Provided data ->

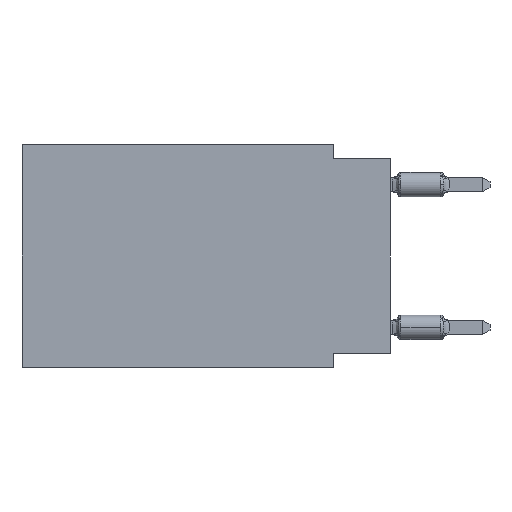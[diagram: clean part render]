
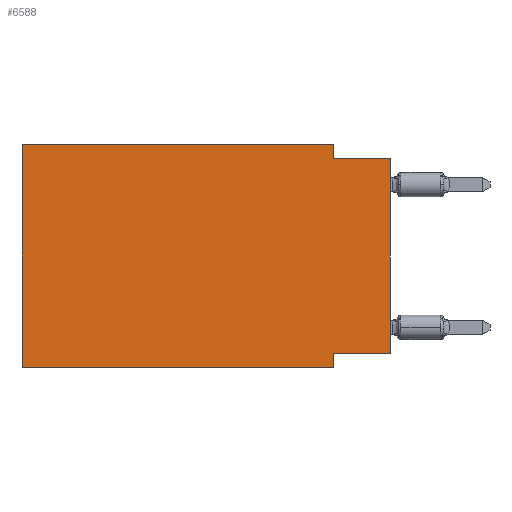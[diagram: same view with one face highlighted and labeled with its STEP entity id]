
A CAD part, left-side view. The second image highlights one B-rep face of the part: STEP entity #6588.
In plain terms, the highlighted planar face has unit normal (-1, 0, 0).
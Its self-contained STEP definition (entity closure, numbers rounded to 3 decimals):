
#47 = VERTEX_POINT ( 'NONE', #7686 ) ;
#472 = CARTESIAN_POINT ( 'NONE',  ( 0., 0., -9.271 ) ) ;
#578 = CARTESIAN_POINT ( 'NONE',  ( 0., 0., -9.271 ) ) ;
#1478 = VECTOR ( 'NONE', #4101, 1000. ) ;
#1532 = LINE ( 'NONE', #7444, #2117 ) ;
#1831 = PLANE ( 'NONE',  #12746 ) ;
#1969 = VECTOR ( 'NONE', #13000, 1000. ) ;
#2117 = VECTOR ( 'NONE', #5459, 1000. ) ;
#2277 = ORIENTED_EDGE ( 'NONE', *, *, #3176, .F. ) ;
#2537 = VERTEX_POINT ( 'NONE', #4573 ) ;
#2798 = LINE ( 'NONE', #13115, #6355 ) ;
#2807 = CARTESIAN_POINT ( 'NONE',  ( 0., 0., -0.635 ) ) ;
#3176 = EDGE_CURVE ( 'NONE', #6301, #47, #9794, .T. ) ;
#3244 = EDGE_CURVE ( 'NONE', #6835, #2537, #9681, .T. ) ;
#3425 = ORIENTED_EDGE ( 'NONE', *, *, #9726, .F. ) ;
#3540 = DIRECTION ( 'NONE',  ( 0., -1., 0. ) ) ;
#3736 = LINE ( 'NONE', #2807, #1969 ) ;
#3739 = CARTESIAN_POINT ( 'NONE',  ( 0., 2.54, -9.906 ) ) ;
#4101 = DIRECTION ( 'NONE',  ( 0., 0., 1. ) ) ;
#4161 = VERTEX_POINT ( 'NONE', #7392 ) ;
#4461 = VECTOR ( 'NONE', #8382, 1000. ) ;
#4573 = CARTESIAN_POINT ( 'NONE',  ( 0., 2.54, -9.271 ) ) ;
#4822 = CARTESIAN_POINT ( 'NONE',  ( 0., 16.383, 0. ) ) ;
#4825 = VECTOR ( 'NONE', #3540, 1000. ) ;
#5338 = VERTEX_POINT ( 'NONE', #10598 ) ;
#5459 = DIRECTION ( 'NONE',  ( 0., -1., 0. ) ) ;
#5501 = EDGE_CURVE ( 'NONE', #47, #4161, #2798, .T. ) ;
#5503 = DIRECTION ( 'NONE',  ( 0., 1., 0. ) ) ;
#5773 = EDGE_CURVE ( 'NONE', #10267, #7488, #1532, .T. ) ;
#5846 = ORIENTED_EDGE ( 'NONE', *, *, #7067, .T. ) ;
#6024 = EDGE_CURVE ( 'NONE', #10267, #6301, #8229, .T. ) ;
#6203 = LINE ( 'NONE', #10455, #4461 ) ;
#6301 = VERTEX_POINT ( 'NONE', #4822 ) ;
#6355 = VECTOR ( 'NONE', #10920, 1000. ) ;
#6588 = ADVANCED_FACE ( 'NONE', ( #8670 ), #1831, .F. ) ;
#6669 = ORIENTED_EDGE ( 'NONE', *, *, #3244, .F. ) ;
#6835 = VERTEX_POINT ( 'NONE', #472 ) ;
#7067 = EDGE_CURVE ( 'NONE', #6835, #5338, #6203, .T. ) ;
#7288 = EDGE_LOOP ( 'NONE', ( #5846, #10224, #11334, #2277, #12673, #9118, #3425, #6669 ) ) ;
#7392 = CARTESIAN_POINT ( 'NONE',  ( 0., 2.54, -0.635 ) ) ;
#7444 = CARTESIAN_POINT ( 'NONE',  ( 0., 16.383, -9.906 ) ) ;
#7488 = VERTEX_POINT ( 'NONE', #12227 ) ;
#7685 = VECTOR ( 'NONE', #5503, 1000. ) ;
#7686 = CARTESIAN_POINT ( 'NONE',  ( 0., 2.54, 0. ) ) ;
#7869 = DIRECTION ( 'NONE',  ( 0., 0., -1. ) ) ;
#8229 = LINE ( 'NONE', #10107, #1478 ) ;
#8293 = CARTESIAN_POINT ( 'NONE',  ( 0., 16.383, -9.906 ) ) ;
#8382 = DIRECTION ( 'NONE',  ( 0., 0., 1. ) ) ;
#8596 = CARTESIAN_POINT ( 'NONE',  ( 0., 16.383, 0. ) ) ;
#8670 = FACE_OUTER_BOUND ( 'NONE', #7288, .T. ) ;
#8724 = LINE ( 'NONE', #3739, #10015 ) ;
#9118 = ORIENTED_EDGE ( 'NONE', *, *, #5773, .T. ) ;
#9681 = LINE ( 'NONE', #578, #7685 ) ;
#9726 = EDGE_CURVE ( 'NONE', #2537, #7488, #8724, .T. ) ;
#9794 = LINE ( 'NONE', #8596, #4825 ) ;
#10015 = VECTOR ( 'NONE', #7869, 1000. ) ;
#10107 = CARTESIAN_POINT ( 'NONE',  ( 0., 16.383, 0. ) ) ;
#10224 = ORIENTED_EDGE ( 'NONE', *, *, #11025, .F. ) ;
#10267 = VERTEX_POINT ( 'NONE', #8293 ) ;
#10455 = CARTESIAN_POINT ( 'NONE',  ( 0., 0., 0. ) ) ;
#10598 = CARTESIAN_POINT ( 'NONE',  ( 0., 0., -0.635 ) ) ;
#10742 = DIRECTION ( 'NONE',  ( 1., 0., 0. ) ) ;
#10920 = DIRECTION ( 'NONE',  ( 0., 0., -1. ) ) ;
#11025 = EDGE_CURVE ( 'NONE', #4161, #5338, #3736, .T. ) ;
#11334 = ORIENTED_EDGE ( 'NONE', *, *, #5501, .F. ) ;
#12227 = CARTESIAN_POINT ( 'NONE',  ( 0., 2.54, -9.906 ) ) ;
#12673 = ORIENTED_EDGE ( 'NONE', *, *, #6024, .F. ) ;
#12734 = CARTESIAN_POINT ( 'NONE',  ( 0., 16.383, 0. ) ) ;
#12746 = AXIS2_PLACEMENT_3D ( 'NONE', #12734, #10742, #12869 ) ;
#12869 = DIRECTION ( 'NONE',  ( 0., 0., -1. ) ) ;
#13000 = DIRECTION ( 'NONE',  ( 0., -1., 0. ) ) ;
#13115 = CARTESIAN_POINT ( 'NONE',  ( 0., 2.54, 0. ) ) ;

Activity -> Set down exactly the lines that begin with the one containing "#10267 = VERTEX_POINT ( 'NONE', #8293 ) ;" and end with the last line above, and no others.

Your solution ->
#10267 = VERTEX_POINT ( 'NONE', #8293 ) ;
#10455 = CARTESIAN_POINT ( 'NONE',  ( 0., 0., 0. ) ) ;
#10598 = CARTESIAN_POINT ( 'NONE',  ( 0., 0., -0.635 ) ) ;
#10742 = DIRECTION ( 'NONE',  ( 1., 0., 0. ) ) ;
#10920 = DIRECTION ( 'NONE',  ( 0., 0., -1. ) ) ;
#11025 = EDGE_CURVE ( 'NONE', #4161, #5338, #3736, .T. ) ;
#11334 = ORIENTED_EDGE ( 'NONE', *, *, #5501, .F. ) ;
#12227 = CARTESIAN_POINT ( 'NONE',  ( 0., 2.54, -9.906 ) ) ;
#12673 = ORIENTED_EDGE ( 'NONE', *, *, #6024, .F. ) ;
#12734 = CARTESIAN_POINT ( 'NONE',  ( 0., 16.383, 0. ) ) ;
#12746 = AXIS2_PLACEMENT_3D ( 'NONE', #12734, #10742, #12869 ) ;
#12869 = DIRECTION ( 'NONE',  ( 0., 0., -1. ) ) ;
#13000 = DIRECTION ( 'NONE',  ( 0., -1., 0. ) ) ;
#13115 = CARTESIAN_POINT ( 'NONE',  ( 0., 2.54, 0. ) ) ;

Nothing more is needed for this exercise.